The continuously increasing availability of dual-energy-capable CT scanners and the recent advent of clinical photon-counting detector CT systems are advantageous for the more widespread use of ECV calculations with CT. The availability of spectral data for ECV calculation render the need for a non-enhanced CT for this purpose unnecessary. A single, spectrally acquired late enhancement acquisition enables both the calculation of the ECVCT and the quantification of cardiac calcifications using virtual non-enhanced images [48]. Thus, future protocols may indicate a shift from a non-enhanced to a standard late phase acquisition at comparable radiation dose but with a higher diagnostic and prognostic value [48]. This approach may be particularly promising in patients planned to undergo TAVR. In these patients, cardiac amyloidosis is a frequent finding [21], and ECVCT is a predictor of long-term prognosis [27].

To non-invasively calculate ECV, the patient’s serum Ht must be measured via blood sampling. However, the Ht may not be always available when cardiac CT scans are performed, particularly in the outpatient setting. In this regard, as shown with ECVMRI [49, 50], some studies proposed to calculate a synthetic Ht by measurements of the attenuation (in HU) of the blood pool of non-enhanced scans or on virtual non-enhanced images from contrast-enhanced dual-energy CT data [51, 52].

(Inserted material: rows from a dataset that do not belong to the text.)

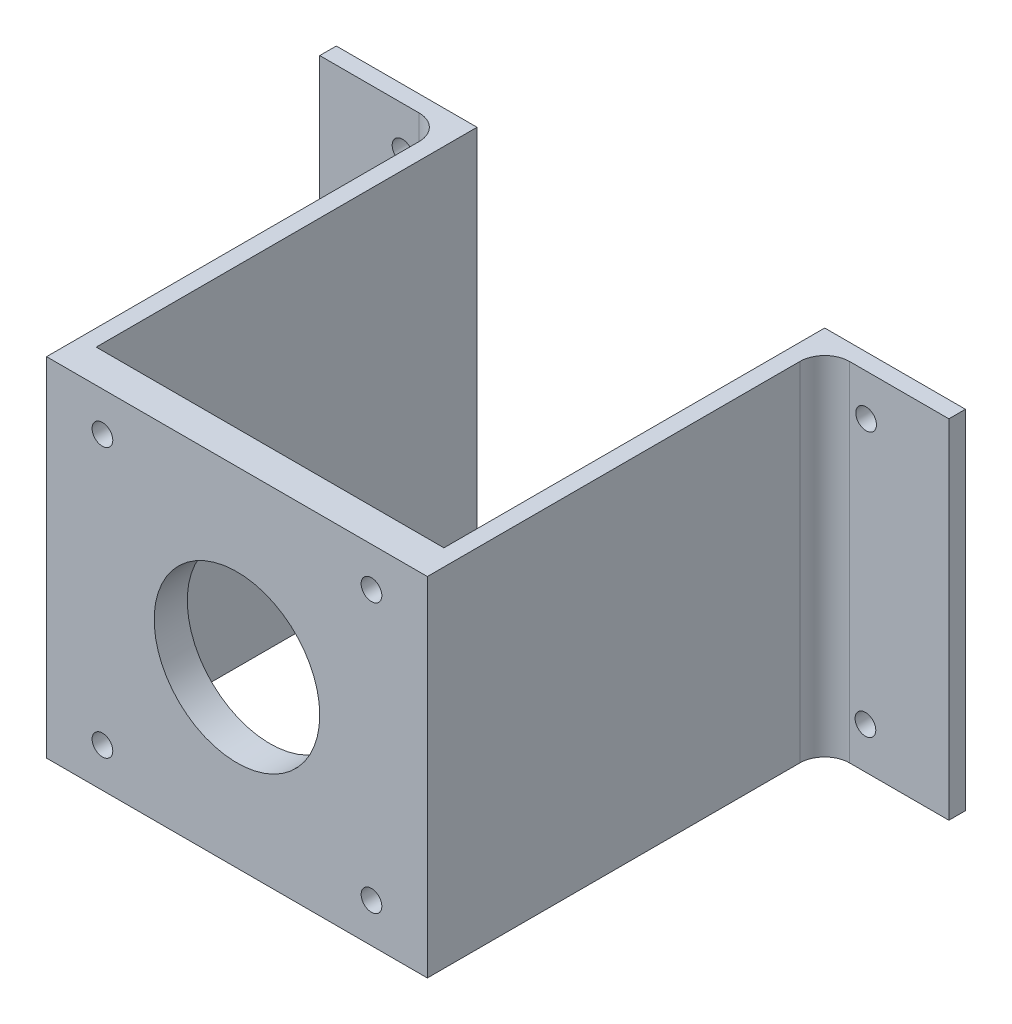
SolidWorks part; units mm, degrees
ref_plane "Alzado" through (0, 0, 0) normal (0, 0, 1) x (1, 0, 0)
ref_plane "Planta" through (0, 0, 0) normal (0, 1, 0) x (1, 0, 0)
ref_plane "Vista lateral" through (0, 0, 0) normal (1, 0, 0) x (0, 0, -1)
sketch "Croquis1" plane through (0, 0, 0) normal (0, 0, 1) x (1, 0, 0)
  line L1 (-84.7498, 36.6204) -> (-38.7498, 36.6204)
  line L2 (-84.7498, 36.6204) -> (-84.7498, -5.3796)
  line L3 (-84.7498, -5.3796) -> (-38.7498, -5.3796)
  line L4 (-38.7498, 36.6204) -> (-38.7498, -5.3796)
  line L5 (-84.7498, 36.6204) -> (-38.7498, -5.3796) construction
  line L6 (-84.7498, -5.3796) -> (-38.7498, 36.6204) construction
  point P0 (-61.7498, 15.6204)
  dimension "D1" = 46
extrude "Saliente-Extruir1" add sketch "Croquis1" along normal blind 4
sketch "Croquis3" plane through (0, 0, 0) normal (0, 0, -1) x (-1, 0, 0)
  line L0 (82.7498, 36.6204) -> (84.7498, 36.6204)
  line L1 (38.7498, 36.6204) -> (84.7498, 36.6204) construction
  line L2 (82.7498, 36.6204) -> (82.7498, -5.3796)
  line L3 (84.7498, -5.3796) -> (38.7498, -5.3796) construction
  line L4 (82.7498, -5.3796) -> (84.7498, -5.3796)
  line L5 (84.7498, 36.6204) -> (84.7498, -5.3796)
  line L6 (38.7498, 36.6204) -> (40.7498, 36.6204)
  line L7 (38.7498, 36.6204) -> (38.7498, -5.3796)
  line L8 (38.7498, -5.3796) -> (38.7498, 36.6204) construction
  line L9 (40.7498, 36.6204) -> (40.7498, -5.3796)
  line L10 (38.7498, -5.3796) -> (40.7498, -5.3796)
extrude "Saliente-Extruir2" add sketch "Croquis3" along normal blind 46
sketch "Croquis4" plane through (-84.7498, 0, 0) normal (-1, 0, 0) x (0, 0, 1)
  line L0 (-46, 36.6204) -> (-44, 36.6204)
  line L1 (4, 36.6204) -> (-46, 36.6204) construction
  line L2 (-44, 36.6204) -> (-44, -5.3796)
  line L3 (4, -5.3796) -> (-46, -5.3796) construction
  line L4 (-44, -5.3796) -> (-46, -5.3796)
  line L5 (-46, -5.3796) -> (-46, 36.6204)
extrude "Saliente-Extruir3" add sketch "Croquis4" along normal blind 15 contours L5 L0 L2 L4
sketch "Croquis6" plane through (-38.7498, 0, 0) normal (1, 0, 0) x (0, 0, -1)
  line L0 (46, 36.6204) -> (44, 36.6204)
  line L1 (-4, 36.6204) -> (46, 36.6204) construction
  line L2 (44, 36.6204) -> (44, -5.3796)
  line L3 (-4, -5.3796) -> (46, -5.3796) construction
  line L4 (44, -5.3796) -> (46, -5.3796)
  line L5 (46, -5.3796) -> (46, 36.6204)
extrude "Saliente-Extruir4" add sketch "Croquis6" along normal blind 15
sketch "Croquis7" plane through (0, 0, 4) normal (0, 0, 1) x (1, 0, 0)
  line L0 (-38.7498, -5.3796) -> (-45.4998, -5.3796)
  line L1 (-84.7498, -5.3796) -> (-38.7498, -5.3796) construction
  line L2 (-45.4998, -5.3796) -> (-45.4998, -0.6296)
  line L3 (-45.4998, -0.6296) -> (-38.7498, -0.6296)
  line L4 (-38.7498, -5.3796) -> (-38.7498, 36.6204) construction
  line L5 (-38.7498, -0.6296) -> (-38.7498, -5.3796)
  circle A0 centre (-45.4998, -0.6296) radius 1.25
  point P10 (0, 0)
  dimension "D1" = 2.5
  dimension "D2" = 6.75
sketch "Croquis8" plane through (0, 0, 4) normal (0, 0, 1) x (1, 0, 0)
  line L0 (-84.7498, -5.3796) -> (-77.9998, -5.3796)
  line L1 (-84.7498, -5.3796) -> (-38.7498, -5.3796) construction
  line L2 (-77.9998, -5.3796) -> (-77.9998, -0.6296)
  line L3 (-77.9998, -0.6296) -> (-84.7498, -0.6296)
  line L4 (-84.7498, 36.6204) -> (-84.7498, -5.3796) construction
  line L5 (-84.7498, -0.6296) -> (-84.7498, -5.3796)
  line L6 (-84.7498, 36.6204) -> (-84.7498, 31.8704)
  line L7 (-84.7498, 36.6204) -> (-84.7498, -5.3796) construction
  line L8 (-84.7498, 31.8704) -> (-77.9998, 31.8704)
  line L9 (-77.9998, 31.8704) -> (-77.9998, 36.6204)
  line L10 (-38.7498, 36.6204) -> (-84.7498, 36.6204) construction
  line L11 (-77.9998, 36.6204) -> (-84.7498, 36.6204)
  line L12 (-38.7498, 36.6204) -> (-38.7498, 31.8704)
  line L13 (-38.7498, -5.3796) -> (-38.7498, 36.6204) construction
  line L14 (-38.7498, 36.6204) -> (-45.4998, 36.6204)
  line L15 (-45.4998, 36.6204) -> (-45.4998, 31.8704) construction
  line L16 (-45.4998, 31.8704) -> (-38.7498, 31.8704) construction
  circle A0 centre (-45.4998, 31.8704) radius 1.25
  circle A1 centre (-77.9998, 31.8704) radius 1.25
  circle A2 centre (-77.9998, -0.6296) radius 1.25
  dimension "D1" = 2.5
  dimension "D2" = 2.5
  dimension "D3" = 2.5
sketch "Croquis9" plane through (0, 0, 4) normal (0, 0, 1) x (1, 0, 0)
extrude "Cortar-Extruir1" cut sketch "Croquis8" against normal blind 15 contours A0 | L2 A2 L3 | L3 A2 L2 | A1
extrude "Cortar-Extruir2" cut sketch "Croquis7" against normal blind 15 contours L3 A0 L2 | L2 A0 L3
sketch "Croquis10" plane through (0, 0, -44) normal (0, 0, 1) x (1, 0, 0)
  line L0 (-23.7498, 36.6204) -> (-38.7498, 36.6204) construction
  line L1 (-33.8299, -0.3796) -> (-33.7498, -5.3796) construction
  line L2 (-23.7498, -5.3796) -> (-38.7498, -5.3796) construction
  line L3 (-33.7498, -5.3796) -> (-38.7498, -5.3796) construction
  line L10 (-38.7498, -5.3796) -> (-38.7498, -0.3796) construction
  line L11 (-38.7498, 36.6204) -> (-38.7498, -5.3796) construction
  line L12 (-38.7498, -0.3796) -> (-33.8299, -0.3796) construction
  circle A0 centre (-33.7498, 31.6204) radius 1.25
  circle A3 centre (-33.8299, -0.3796) radius 1.25
  dimension "D5" = 2.5
  dimension "D4" = 2.5
  dimension "D1" = 15
  dimension "D2" = 5
  dimension "D3" = 5
extrude "Cortar-Extruir4" cut sketch "Croquis10" against normal blind 15 contours A0
ref_plane "Plano4" through (-61.7498, 0, 0) normal (1, 0, 0) x (0, 0, -1)
mirror "Simetría1" about plane through (-61.7498, 0, 0) normal (1, 0, 0) of "Cortar-Extruir4"
fillet "Redondeo1" radius 3 1 edges at (-84.7498, 15.6204, -44)
fillet "Redondeo2" radius 3 1 edges at (-38.7498, 15.6204, -44)
sketch "Croquis11" plane through (0, 0, 4) normal (0, 0, 1) x (1, 0, 0)
  line L0 (-84.7498, 15.6204) -> (-38.7498, 15.6204) construction
  line L1 (-84.7498, 36.6204) -> (-84.7498, -5.3796) construction
  line L2 (-38.7498, -5.3796) -> (-38.7498, 36.6204) construction
  line L3 (-61.7498, 36.6204) -> (-61.7498, -5.2663) construction
  line L4 (-38.7498, 36.6204) -> (-84.7498, 36.6204) construction
  line L5 (-61.7498, -23.1) -> (-61.7498, 23.1) construction
  circle A0 centre (-61.7498, 15.6204) radius 10
  dimension "D1" = 20
extrude "Cortar-Extruir5" cut sketch "Croquis11" against normal blind 15
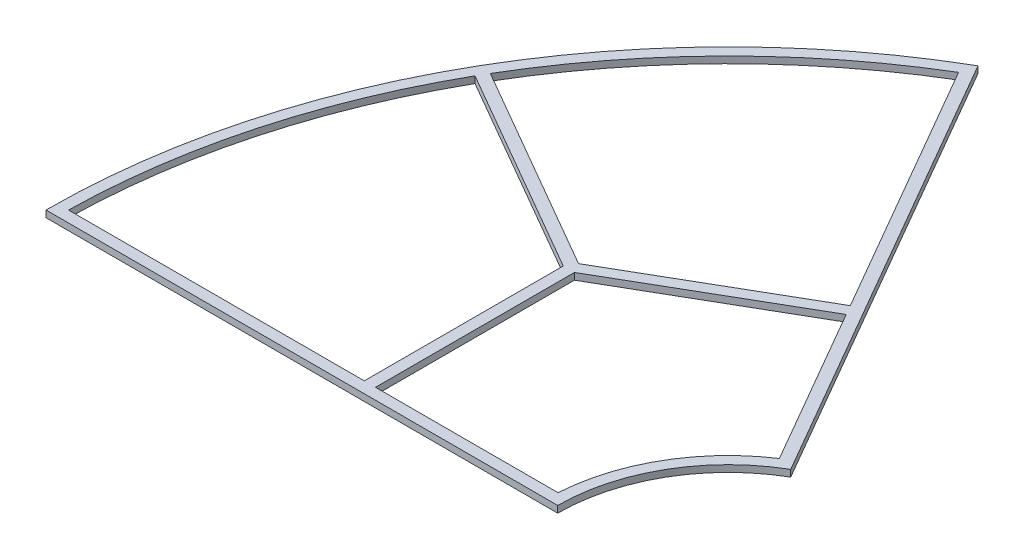
SolidWorks part; units mm, degrees
ref_plane "Front Plane" through (0, 0, 0) normal (0, 0, 1) x (1, 0, 0)
ref_plane "Top Plane" through (0, 0, 0) normal (0, 1, 0) x (1, 0, 0)
ref_plane "Right Plane" through (0, 0, 0) normal (1, 0, 0) x (0, 0, -1)
sketch "Sketch1" plane through (0, 0, 0) normal (0, 1, 0) x (1, 0, 0)
  line L0 (-152.4, 0) -> (-609.6, 0)
  line L1 (-76.2, 131.9823) -> (-304.8, 527.9291)
  line L2 (-530.4113, 300.4596) -> (-530.4291, 300.4699)
  line L3 (-525.4113, 309.1199) -> (-525.4291, 309.1301)
  line L4 (-330.2, 196.4146) -> (-516.7508, 304.1197)
  line L5 (-89.7062, 135.3756) -> (-171.2603, 276.6315)
  line L6 (-162.0918, 10) -> (-325.2, 10)
  line L7 (-176.2603, 285.2917) -> (-308.4186, 514.1966)
  line L8 (-325.2, 10) -> (-325.2, 187.7543)
  line L9 (-325.2, 187.7543) -> (-171.2603, 276.6315)
  line L10 (-335.2, 10) -> (-599.5166, 10)
  line L11 (-335.2, 10) -> (-335.2, 187.7543)
  line L12 (-330.2, 196.4146) -> (-176.2603, 285.2917)
  line L13 (-335.2, 187.7543) -> (-521.7508, 295.4594)
  line L14 (-89.7062, 135.3756) -> (-308.4186, 514.1966) construction
  line L16 (-162.0918, 10) -> (-599.5166, 10) construction
  arc A0 (-609.6, 0) -> (-304.8, 527.9291) centre (0, 0) cw
  arc A1 (-76.2, 131.9823) -> (-152.4, 0) centre (0, 0) ccw
  arc A2 (-599.5166, 10) -> (-521.7508, 295.4594) centre (0, 0) cw
  arc A3 (-89.7062, 135.3756) -> (-162.0918, 10) centre (0, 0) ccw
  arc A4 (-516.7508, 304.1197) -> (-308.4186, 514.1966) centre (0, 0) cw
  arc A6 (-599.5166, 10) -> (-308.4186, 514.1966) centre (0, 0) cw construction
  point P5 (-330.2, 0)
  point P7 (0, 0)
  point P9 (-165.1, 285.9616)
  dimension "D3" = 330.2
  dimension "D1" = 609.6
  dimension "D4" = 330.2
  dimension "D5" = 10
  dimension "D6" = 60
  dimension "D2" = 2
extrude "Boss-Extrude3" add sketch "Sketch1" along normal blind 6 contours A1 L1 A0 L0 L10 A2 L13 L11 L5 A3 L6 L8 L9 L4 A4 L7 L12

Due to the spectral dependency of iron, the calibration curve has to be determined for each CT scanner separately. Moreover, several technical issues must be considered, including the influence of scan parameters such as tube voltage and iterative reconstruction algorithms on tissue or vascular attenuation. In dual-energy CT acquisitions, the monoenergetic reconstruction level may also have an influence on the formula to non-invasively and synthetically calculate the Ht.

As a drawback of this method, synthetic ECV calculation has the potential for a relevant misclassification of ECV for the individual patient, Chen et al. showed that even when using scanner-specific models for calculating synthetic ECVMRI, the ECV could be under- or overestimated by 4% compared to ECVMRI calculation using the blood Ht level [50]. This drawback may be similar in synthetic ECVCT calculation as Treibel et al. showed that differences on a per patient level were as high as 8% [52].

Conclusion

Myocardial ECV is related to myocardial fibrosis, amyloid deposition, or edema and is associated with patient outcome. ECVCT calculation represents a relatively easy, fast, and robust technique to non-invasively detect focal or global increases in myocardial ECV, particularly when using dual-energy capable CT scanners. Several studies have already shown the prognostic value of ECV quantification with CT in various cardiac disease. However, the incremental value of ECVCT comes at the expense of the need to adapt the CM protocols, add radiation dose, and extend the time needed to complete the entire cardiac CT scan. The further availability of spectral CT machines including photon-counting detector CT may further enhance the clinical role of this technique in the near future as spectral data may allow for ECVCT calculation with a lower CM volume and lower radiation dose.